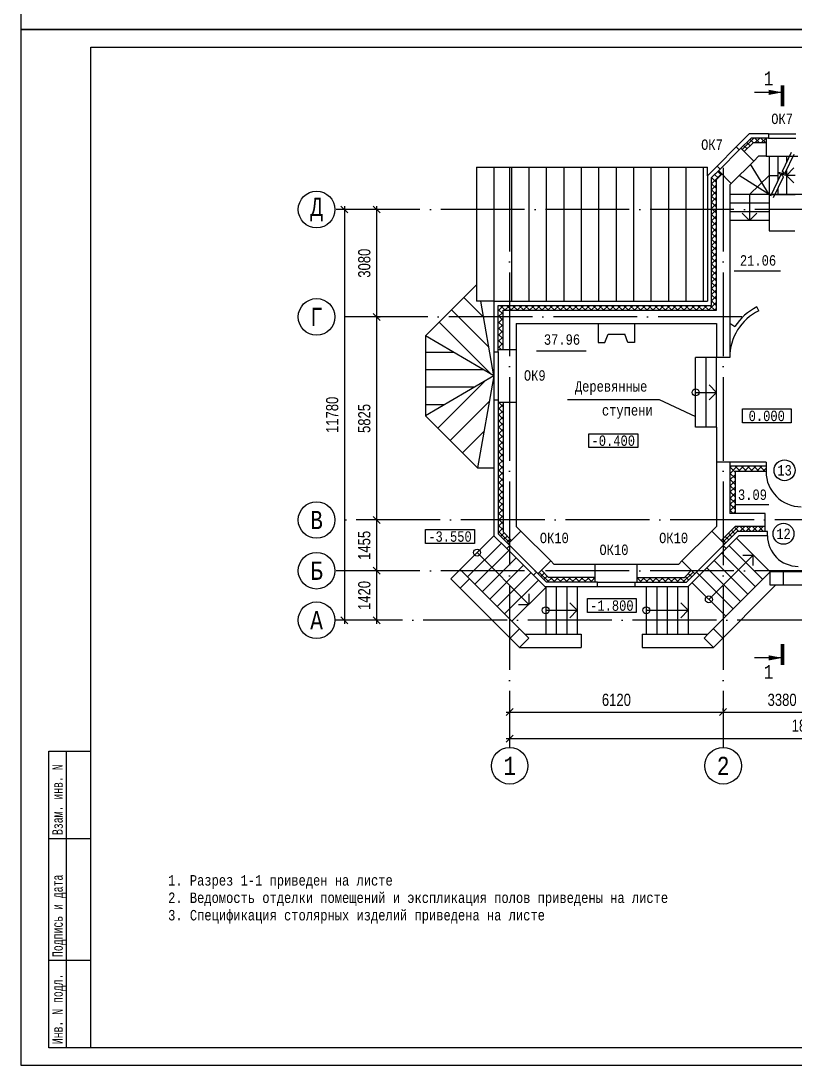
# Model space of a CAD drawing. Extents: x 0 to 84000, y 0 to 59400.
# Drawn here: x 0 to 22192, y 0 to 29950 of the extents above; entities that cross this region are included whole.
import ezdxf
from ezdxf.enums import TextEntityAlignment as Align

# ---------------------------------------------------------------- set-up
doc = ezdxf.new("R2010")
doc.units = 0
doc.header["$LTSCALE"] = 100
doc.header["$MEASUREMENT"] = 0
doc.linetypes.add('ACAD_ISO04W100', pattern=[30, 24, -3, 0, -3])
doc.layers.get('0').update_dxf_attribs({"linetype": 'CONTINUOUS'})
doc.layers.get('DEFPOINTS').update_dxf_attribs({"linetype": 'CONTINUOUS'})
doc.layers.add('55', color=250, linetype='CONTINUOUS')
doc.styles.add('1', font='TXT', dxfattribs={"width": 0.8})
doc.styles.add('STYLE1', font='monotxt.shx', dxfattribs={"width": 0.8})
doc.dimstyles.get("Standard").update_dxf_attribs({"dimtxt": 0.18, "dimasz": 0.18, "dimexe": 0.18, "dimexo": 0.0625, "dimgap": 0.09, "dimtad": 0, "dimtih": 1, "dimtoh": 1, "dimdec": 4, "dimzin": 0, "dimdsep": 46, "dimtxsty": 'Standard', "dimcen": 0.09, "dimadec": 0, "dimazin": 0, "dimtfac": 1, "dimtdec": 4, "dimtofl": 0, "dimtmove": 0, "dimatfit": 3, "dimfxl": 1, "dimtolj": 1, "dimtzin": 0, "dimarcsym": 0})

# ---------------------------------------------------------------- blocks, each defined once
blk = doc.blocks.new('_OBLIQUE')
at = {"color": 0, "linetype": 'ByBlock'}
blk.add_line((-0.5, -0.5), (0.5, 0.5), dxfattribs=at)
blk = doc.blocks.new('*D1')
at = {"layer": '55', "color": 0, "linetype": 'Continuous', "lineweight": -2, "transparency": 16777216}
for p, q in [((10195, 24640), (10195, 21360)), ((10145, 24540), (10095, 24540)), ((10145, 21460), (10095, 21460))]:
    blk.add_line(p, q, dxfattribs=at)
at = {"layer": 'DEFPOINTS', "color": 0, "linetype": 'Continuous', "transparency": 16777216}
for p in [(10195, 24540), (10195, 21460), (10195, 21460)]:
    blk.add_point(p, dxfattribs=at)
at = {"layer": '55', "color": 0, "linetype": 'Continuous', "lineweight": -2, "transparency": 16777216, "xscale": 200, "yscale": 200, "zscale": 200}
for p, rotation in [((10195, 24540), 90), ((10195, 21460), 270)]:
    blk.add_blockref('_OBLIQUE', p, dxfattribs=dict(at, rotation=rotation))
at = {"layer": '55', "color": 0, "linetype": 'Continuous', "transparency": 16777216, "insert": (9845, 23000), "char_height": 350, "attachment_point": 5, "rotation": 90, "style": '1'}
blk.add_mtext('\\A1;3080', dxfattribs=at)
blk = doc.blocks.new('*D2')
at = {"layer": '55', "color": 0, "linetype": 'Continuous', "lineweight": -2, "transparency": 16777216}
for p, q in [((10195, 21560), (10195, 15535)), ((10245, 21460), (10295, 21460)), ((10145, 15635), (10095, 15635))]:
    blk.add_line(p, q, dxfattribs=at)
at = {"layer": 'DEFPOINTS', "color": 0, "linetype": 'Continuous', "transparency": 16777216}
for p in [(10195, 21460), (10195, 15635), (10195, 15635)]:
    blk.add_point(p, dxfattribs=at)
at = {"layer": '55', "color": 0, "linetype": 'Continuous', "lineweight": -2, "transparency": 16777216, "xscale": 200, "yscale": 200, "zscale": 200}
for p, rotation in [((10195, 21460), 90), ((10195, 15635), 270)]:
    blk.add_blockref('_OBLIQUE', p, dxfattribs=dict(at, rotation=rotation))
at = {"layer": '55', "color": 0, "linetype": 'Continuous', "transparency": 16777216, "insert": (9845, 18547), "char_height": 350, "attachment_point": 5, "rotation": 90, "style": '1'}
blk.add_mtext('\\A1;5825', dxfattribs=at)
blk = doc.blocks.new('*D3')
at = {"layer": '55', "color": 0, "linetype": 'Continuous', "lineweight": -2, "transparency": 16777216}
for p, q in [((10145, 15635), (10095, 15635)), ((10195, 15735), (10195, 14080)), ((10145, 14180), (10095, 14180))]:
    blk.add_line(p, q, dxfattribs=at)
at = {"layer": 'DEFPOINTS', "color": 0, "linetype": 'Continuous', "transparency": 16777216}
for p in [(10195, 15635), (10195, 14180), (10195, 14180)]:
    blk.add_point(p, dxfattribs=at)
at = {"layer": '55', "color": 0, "linetype": 'Continuous', "lineweight": -2, "transparency": 16777216, "xscale": 200, "yscale": 200, "zscale": 200}
for p, rotation in [((10195, 15635), 90), ((10195, 14180), 270)]:
    blk.add_blockref('_OBLIQUE', p, dxfattribs=dict(at, rotation=rotation))
at = {"layer": '55', "color": 0, "linetype": 'Continuous', "transparency": 16777216, "insert": (9845, 14907), "char_height": 350, "attachment_point": 5, "rotation": 90, "style": '1'}
blk.add_mtext('\\A1;1455', dxfattribs=at)
blk = doc.blocks.new('*D4')
at = {"layer": '55', "color": 0, "linetype": 'Continuous', "lineweight": -2, "transparency": 16777216}
for p, q in [((10145, 14180), (10095, 14180)), ((10195, 14280), (10195, 12660)), ((10145, 12760), (10095, 12760))]:
    blk.add_line(p, q, dxfattribs=at)
at = {"layer": 'DEFPOINTS', "color": 0, "linetype": 'Continuous', "transparency": 16777216}
for p in [(10195, 14180), (10195, 12760), (10195, 12760)]:
    blk.add_point(p, dxfattribs=at)
at = {"layer": '55', "color": 0, "linetype": 'Continuous', "lineweight": -2, "transparency": 16777216, "xscale": 200, "yscale": 200, "zscale": 200}
for p, rotation in [((10195, 14180), 90), ((10195, 12760), 270)]:
    blk.add_blockref('_OBLIQUE', p, dxfattribs=dict(at, rotation=rotation))
at = {"layer": '55', "color": 0, "linetype": 'Continuous', "transparency": 16777216, "insert": (9845, 13470), "char_height": 350, "attachment_point": 5, "rotation": 90, "style": '1'}
blk.add_mtext('\\A1;1420', dxfattribs=at)
blk = doc.blocks.new('*D5')
at = {"layer": '55', "color": 0, "linetype": 'Continuous', "lineweight": -2, "transparency": 16777216}
for p, q in [((9275, 24640), (9275, 12660)), ((9225, 24540), (9175, 24540)), ((9225, 12760), (9175, 12760))]:
    blk.add_line(p, q, dxfattribs=at)
at = {"layer": 'DEFPOINTS', "color": 0, "linetype": 'Continuous', "transparency": 16777216}
for p in [(9275, 24540), (9275, 12760), (9275, 12760)]:
    blk.add_point(p, dxfattribs=at)
at = {"layer": '55', "color": 0, "linetype": 'Continuous', "lineweight": -2, "transparency": 16777216, "xscale": 200, "yscale": 200, "zscale": 200}
for p, rotation in [((9275, 24540), 90), ((9275, 12760), 270)]:
    blk.add_blockref('_OBLIQUE', p, dxfattribs=dict(at, rotation=rotation))
at = {"layer": '55', "color": 0, "linetype": 'Continuous', "transparency": 16777216, "insert": (8925, 18650), "char_height": 350, "attachment_point": 5, "rotation": 90, "style": '1'}
blk.add_mtext('\\A1;11780', dxfattribs=at)
blk = doc.blocks.new('*D7')
at = {"layer": '55', "color": 0, "linetype": 'Continuous', "lineweight": -2, "transparency": 16777216}
for p, q in [((20130, 10175), (20130, 10225)), ((13910, 10125), (20230, 10125)), ((14010, 10075), (14010, 10025))]:
    blk.add_line(p, q, dxfattribs=at)
at = {"layer": 'DEFPOINTS', "color": 0, "linetype": 'Continuous', "transparency": 16777216}
for p in [(14010, 10125), (20130, 10125), (20130, 10125)]:
    blk.add_point(p, dxfattribs=at)
at = {"layer": '55', "color": 0, "linetype": 'Continuous', "lineweight": -2, "transparency": 16777216, "xscale": 200, "yscale": 200, "zscale": 200, "rotation": 180}
blk.add_blockref('_OBLIQUE', (14010, 10125), dxfattribs=at)
at = {"layer": '55', "color": 0, "linetype": 'Continuous', "lineweight": -2, "transparency": 16777216, "xscale": 200, "yscale": 200, "zscale": 200}
blk.add_blockref('_OBLIQUE', (20130, 10125), dxfattribs=at)
at = {"layer": '55', "color": 0, "linetype": 'Continuous', "transparency": 16777216, "insert": (17070, 10475), "char_height": 350, "attachment_point": 5, "style": '1'}
blk.add_mtext('\\A1;6120', dxfattribs=at)
blk = doc.blocks.new('*D8')
at = {"layer": '55', "color": 0, "linetype": 'Continuous', "lineweight": -2, "transparency": 16777216}
for p, q in [((20130, 10175), (20130, 10225)), ((23510, 10175), (23510, 10225)), ((20030, 10125), (23610, 10125))]:
    blk.add_line(p, q, dxfattribs=at)
at = {"layer": 'DEFPOINTS', "color": 0, "linetype": 'Continuous', "transparency": 16777216}
for p in [(20130, 10125), (23510, 10125), (23510, 10125)]:
    blk.add_point(p, dxfattribs=at)
at = {"layer": '55', "color": 0, "linetype": 'Continuous', "lineweight": -2, "transparency": 16777216, "xscale": 200, "yscale": 200, "zscale": 200, "rotation": 180}
blk.add_blockref('_OBLIQUE', (20130, 10125), dxfattribs=at)
at = {"layer": '55', "color": 0, "linetype": 'Continuous', "lineweight": -2, "transparency": 16777216, "xscale": 200, "yscale": 200, "zscale": 200}
blk.add_blockref('_OBLIQUE', (23510, 10125), dxfattribs=at)
at = {"layer": '55', "color": 0, "linetype": 'Continuous', "transparency": 16777216, "insert": (21820, 10475), "char_height": 350, "attachment_point": 5, "style": '1'}
blk.add_mtext('\\A1;3380', dxfattribs=at)
blk = doc.blocks.new('*D11')
at = {"layer": '55', "color": 0, "linetype": 'Continuous', "lineweight": -2, "transparency": 16777216}
for p, q in [((13910, 9365), (32450, 9365)), ((14010, 9315), (14010, 9265)), ((32350, 9415), (32350, 9465))]:
    blk.add_line(p, q, dxfattribs=at)
at = {"layer": 'DEFPOINTS', "color": 0, "linetype": 'Continuous', "transparency": 16777216}
for p in [(14010, 9365), (32350, 9365), (32350, 9365)]:
    blk.add_point(p, dxfattribs=at)
at = {"layer": '55', "color": 0, "linetype": 'Continuous', "lineweight": -2, "transparency": 16777216, "xscale": 200, "yscale": 200, "zscale": 200, "rotation": 180}
blk.add_blockref('_OBLIQUE', (14010, 9365), dxfattribs=at)
at = {"layer": '55', "color": 0, "linetype": 'Continuous', "lineweight": -2, "transparency": 16777216, "xscale": 200, "yscale": 200, "zscale": 200}
blk.add_blockref('_OBLIQUE', (32350, 9365), dxfattribs=at)
at = {"layer": '55', "color": 0, "linetype": 'Continuous', "transparency": 16777216, "insert": (22615, 9735), "char_height": 350, "attachment_point": 5, "style": '1'}
blk.add_mtext('\\A1;18340', dxfattribs=at)
blk = doc.blocks.new('0URPLAN')
at = {"linetype": 'Continuous'}
for p, q in [((-7, -2), (-7, 2)), ((-7, 2), (7, 2)), ((7, 2), (7, -2)), ((7, -2), (-7, -2))]:
    blk.add_line(p, q, dxfattribs=at)
blk = doc.blocks.new('M2')
at = {"linetype": 'Continuous'}
blk.add_circle((0, 0), 3, dxfattribs=at)
at = {"linetype": 'Continuous', "style": 'STYLE1', "width": 0.8, "flags": 4}
blk.add_attdef('МАРКА', text='', height=3, dxfattribs=at).set_placement((0, 0), align=Align.MIDDLE)
at = {"linetype": 'Continuous', "style": 'STYLE1', "width": 0.8, "flags": 5}
blk.add_attdef('ПОЛНАЯ_МАРКА_ЭЛЕМЕНТА', (-5.5, -7.5), '', height=3, dxfattribs=at)
blk = doc.blocks.new('M1')
at = {"linetype": 'Continuous', "style": 'STYLE1', "width": 0.8, "flags": 4}
blk.add_attdef('МАРКА', text='', height=3, dxfattribs=at).set_placement((-0.5, -1.5), align=Align.CENTER)
at = {"linetype": 'Continuous', "style": 'STYLE1', "width": 0.8, "flags": 5}
blk.add_attdef('ПОЛНАЯ_МАРКА_ЭЛЕМЕНТА', (-6, -6.5), '', height=3, dxfattribs=at)

msp = doc.modelspace()

# ---------------------------------------------------------------- hatches: boundary and pattern name
at = {"layer": '55', "linetype": 'Continuous'}
h = msp.add_hatch(dxfattribs=at)
h.set_pattern_fill('ANSI37', color=0, scale=1000, style=0)
h.set_pattern_definition([(45, (-42000, -3e-11), (-88.38835, 88.38835), []), (135, (-42000, -3e-11), (-88.38835, -88.38835), [])])
h.paths.add_polyline_path([(21365, 26590), (20929.7, 26590), (20638.1, 26298.4), (20737.1, 26199.4), (20987.7, 26450), (21365, 26450)])
h = msp.add_hatch(dxfattribs=at)
h.set_pattern_fill('ANSI37', color=0, scale=1000, style=0)
h.paths.add_polyline_path([(19940, 25402.3), (20093.7, 25556), (19994.7, 25655), (19800, 25460.3), (19800, 24539.7), (19940, 24539.7)])
h.paths.add_polyline_path([(19940, 24539.7), (19800, 24539.7), (19800, 21790), (14010, 21790), (14010, 21650), (19940, 21650)])
h.paths.add_polyline_path([(14010, 21790), (13680, 21790), (13680, 21459.7), (13820, 21459.7), (13820, 21650), (14010, 21650)])
h.paths.add_polyline_path([(13820, 21459.7), (13680, 21459.7), (13680, 20525), (13820, 20525)])
h = msp.add_hatch(dxfattribs=at)
h.set_pattern_fill('ANSI37', color=0, scale=1000, style=0)
h.paths.add_polyline_path([(13820, 19015), (13680, 19015), (13680, 15634.7), (13820, 15634.7)])
h.paths.add_polyline_path([(13820, 15634.7), (13680, 15634.7), (13680, 15234.4), (13966.6, 14947.8), (14010, 14991.2), (14010, 15102.4), (13820, 15292.4)])
h = msp.add_hatch(dxfattribs=at)
h.set_pattern_fill('ANSI37', color=0, scale=1000, style=0)
h.paths.add_polyline_path([(21360, 17174.7), (20320, 17174.7), (20320, 15824.7), (20470, 15824.7), (20470, 17024.7), (21360, 17024.7)])
h = msp.add_hatch(dxfattribs=at)
h.set_pattern_fill('ANSI37', color=0, scale=1000, style=0)
h.paths.add_polyline_path([(21335, 15444.7), (20472.3, 15444.7), (20130, 15102.4), (20130, 14991.2), (20173.4, 14947.8), (20530.3, 15304.7), (21335, 15304.7)])
h.paths.add_polyline_path([(20130, 15102.4), (20074.4, 15046.8), (20130, 14991.2)])
h = msp.add_hatch(dxfattribs=at)
h.set_pattern_fill('ANSI37', color=0, scale=1000, style=0)
h.paths.add_polyline_path([(16459.7, 13850), (16459.7, 13990), (15122.4, 13990), (14932.4, 14180), (14910, 14180), (14822.2, 14092.2), (15064.4, 13850)])
h = msp.add_hatch(dxfattribs=at)
h.set_pattern_fill('ANSI37', color=0, scale=1000, style=0)
h.paths.add_polyline_path([(17669.7, 13990), (17669.7, 13850), (19075.6, 13850), (19317.8, 14092.2), (19230, 14180), (19207.6, 14180), (19017.6, 13990)])

# ---------------------------------------------------------------- linework, layer by layer
at = {"layer": '55', "color": 0, "linetype": 'Continuous'}
for p, q in [((2000, 500), (2000, 29200)), ((2000, 29200), (41500, 29200)), ((20507.3, 26337.3), (20880, 26710)), ((21430, 26710), (20880, 26710)), ((21430, 26710), (21430, 26590)), ((21430, 26710), (22210, 26710)), ((20592.2, 26252.5), (20929.7, 26590)), ((20737.1, 26199.4), (20987.7, 26450)), ((21430, 26590), (20929.7, 26590)), ((21365, 26450), (20987.7, 26450)), ((21365, 26590), (21365, 26070)), ((21430, 26590), (22210, 26590)), ((19955.8, 25785.8), (20507.3, 26337.3)), ((20040.6, 25700.9), (20592.2, 26252.5)), ((20507.3, 26337.3), (20592.2, 26252.5)), ((20638.1, 26298.4), (21005.8, 25930.7)), ((21005.8, 25930.7), (21145.1, 26070)), ((21365, 26070), (21145.1, 26070)), ((21365, 26070), (22275, 26070)), ((21445, 26070), (21445, 24970)), ((21695, 26070), (21695, 25350.6)), ((21831.4, 25638.4), (22088.2, 26180.7)), ((21911.4, 25588.4), (22168.2, 26130.7)), ((21945, 26070), (21945, 25878.3)), ((19680, 25510), (19955.8, 25785.8)), ((19955.8, 25785.8), (20040.6, 25700.9)), ((20362.4, 25287.3), (21005.8, 25930.7)), ((21445, 24970), (20917.5, 25842.5)), ((13060, 25750), (19680, 25750)), ((13060, 25750), (13060, 21910)), ((13560, 25750), (13560, 21910)), ((14060, 25750), (14060, 21910)), ((14560, 25750), (14560, 21910)), ((15060, 25750), (15060, 21910)), ((15560, 25750), (15560, 21910)), ((16060, 25750), (16060, 21910)), ((16560, 25750), (16560, 21910)), ((17060, 25750), (17060, 21910)), ((17560, 25750), (17560, 21910)), ((18060, 25750), (18060, 21910)), ((18560, 25750), (18560, 21910)), ((19060, 25750), (19060, 21910)), ((19560, 25750), (19560, 21910)), ((19680, 25510), (19680, 25750)), ((19680, 25510), (19680, 21910)), ((20040.6, 25700.9), (19800, 25460.3)), ((19800, 21790), (19800, 25460.3)), ((20093.7, 25556), (19940, 25402.3)), ((19994.7, 25655), (20362.4, 25287.3)), ((21445, 24970), (20587.5, 25512.5)), ((21445, 25520), (20882.5, 24970)), ((21445, 25520), (21695, 25520)), ((21495.8, 24930), (21780, 25530)), ((21575.8, 24880), (21860, 25480)), ((21706.7, 25609), (21886.5, 25568.1)), ((21780, 25530), (21706.7, 25609)), ((21860, 25480), (21786.7, 25559)), ((21786.7, 25559), (21966.5, 25518.1)), ((21886.5, 25568.1), (21831.4, 25638.4)), ((21966.5, 25518.1), (21911.4, 25588.4)), ((22157.1, 25732.1), (21945, 25520)), ((21945, 25659.4), (21945, 24970)), ((22195, 25520), (21945, 25520)), ((22157.1, 25307.9), (21945, 25520)), ((19940, 21650), (19940, 25402.3)), ((20320, 25244.9), (20362.4, 25287.3)), ((20320, 25244.9), (20320, 20294.7)), ((21445, 24970), (20320, 24970)), ((20882.5, 24970), (20882.5, 24220)), ((21445, 24970), (22195, 24970)), ((23320, 24970), (21445, 24970)), ((21445, 24970), (21445, 23930)), ((21695, 25131.7), (21695, 24970)), ((21445, 24720), (20320, 24720)), ((21445, 24470), (20320, 24470)), ((20670.4, 24432.1), (20882.5, 24220)), ((21094.6, 24432.1), (20882.5, 24220)), ((21445, 24220), (20320, 24220)), ((21445, 23930), (22180, 23930)), ((20450, 22780), (21770, 22780)), ((13060, 22377.1), (11600, 20917.1)), ((13262.4, 21451.8), (12698.6, 22015.7)), ((13560, 21910), (13060, 21910)), ((13560, 19770), (13181.4, 21910)), ((13560, 21910), (19680, 21910)), ((13560, 21910), (13560, 20460)), ((13414.4, 20592.7), (12345, 21662.1)), ((13680, 20460), (13680, 21790)), ((13680, 21790), (19800, 21790)), ((13820, 21650), (19940, 21650)), ((13820, 20525), (13820, 21650)), ((21151.2, 21637.3), (21097.7, 21744.7)), ((13487.7, 19812.3), (11991.4, 21308.6)), ((14200, 21270), (19940, 21270)), ((14200, 21270), (14200, 20525)), ((16550, 21270), (16550, 20730)), ((17590, 21270), (17590, 20730)), ((19940, 21270), (19940, 20294.7)), ((20320, 21280), (20466, 21184.1)), ((11600, 20917.1), (11600, 18622.9)), ((13560, 19770), (11600, 20917.1)), ((16550, 20730), (16740, 20730)), ((16740, 20730), (16830, 20960)), ((16830, 20960), (17310, 20960)), ((17400, 20730), (17310, 20960)), ((17590, 20730), (17400, 20730)), ((11600, 20450), (12398.1, 20450)), ((13560, 20460), (13680, 20460)), ((13560, 20460), (13560, 19080)), ((13680, 20525), (14200, 20525)), ((13680, 20460), (13680, 19080)), ((14200, 20525), (14200, 19015)), ((14780, 20490), (16200, 20490)), ((19940, 20294.7), (19340, 20294.7)), ((19340, 18294.7), (19340, 20294.7)), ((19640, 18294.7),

•••••

=== What the exercise asks ===
The answer should consist of every line above in which "layers" appears.

=== Written response ===
doc.layers.get('0').update_dxf_attribs({"linetype": 'CONTINUOUS'})
doc.layers.get('DEFPOINTS').update_dxf_attribs({"linetype": 'CONTINUOUS'})
doc.layers.add('55', color=250, linetype='CONTINUOUS')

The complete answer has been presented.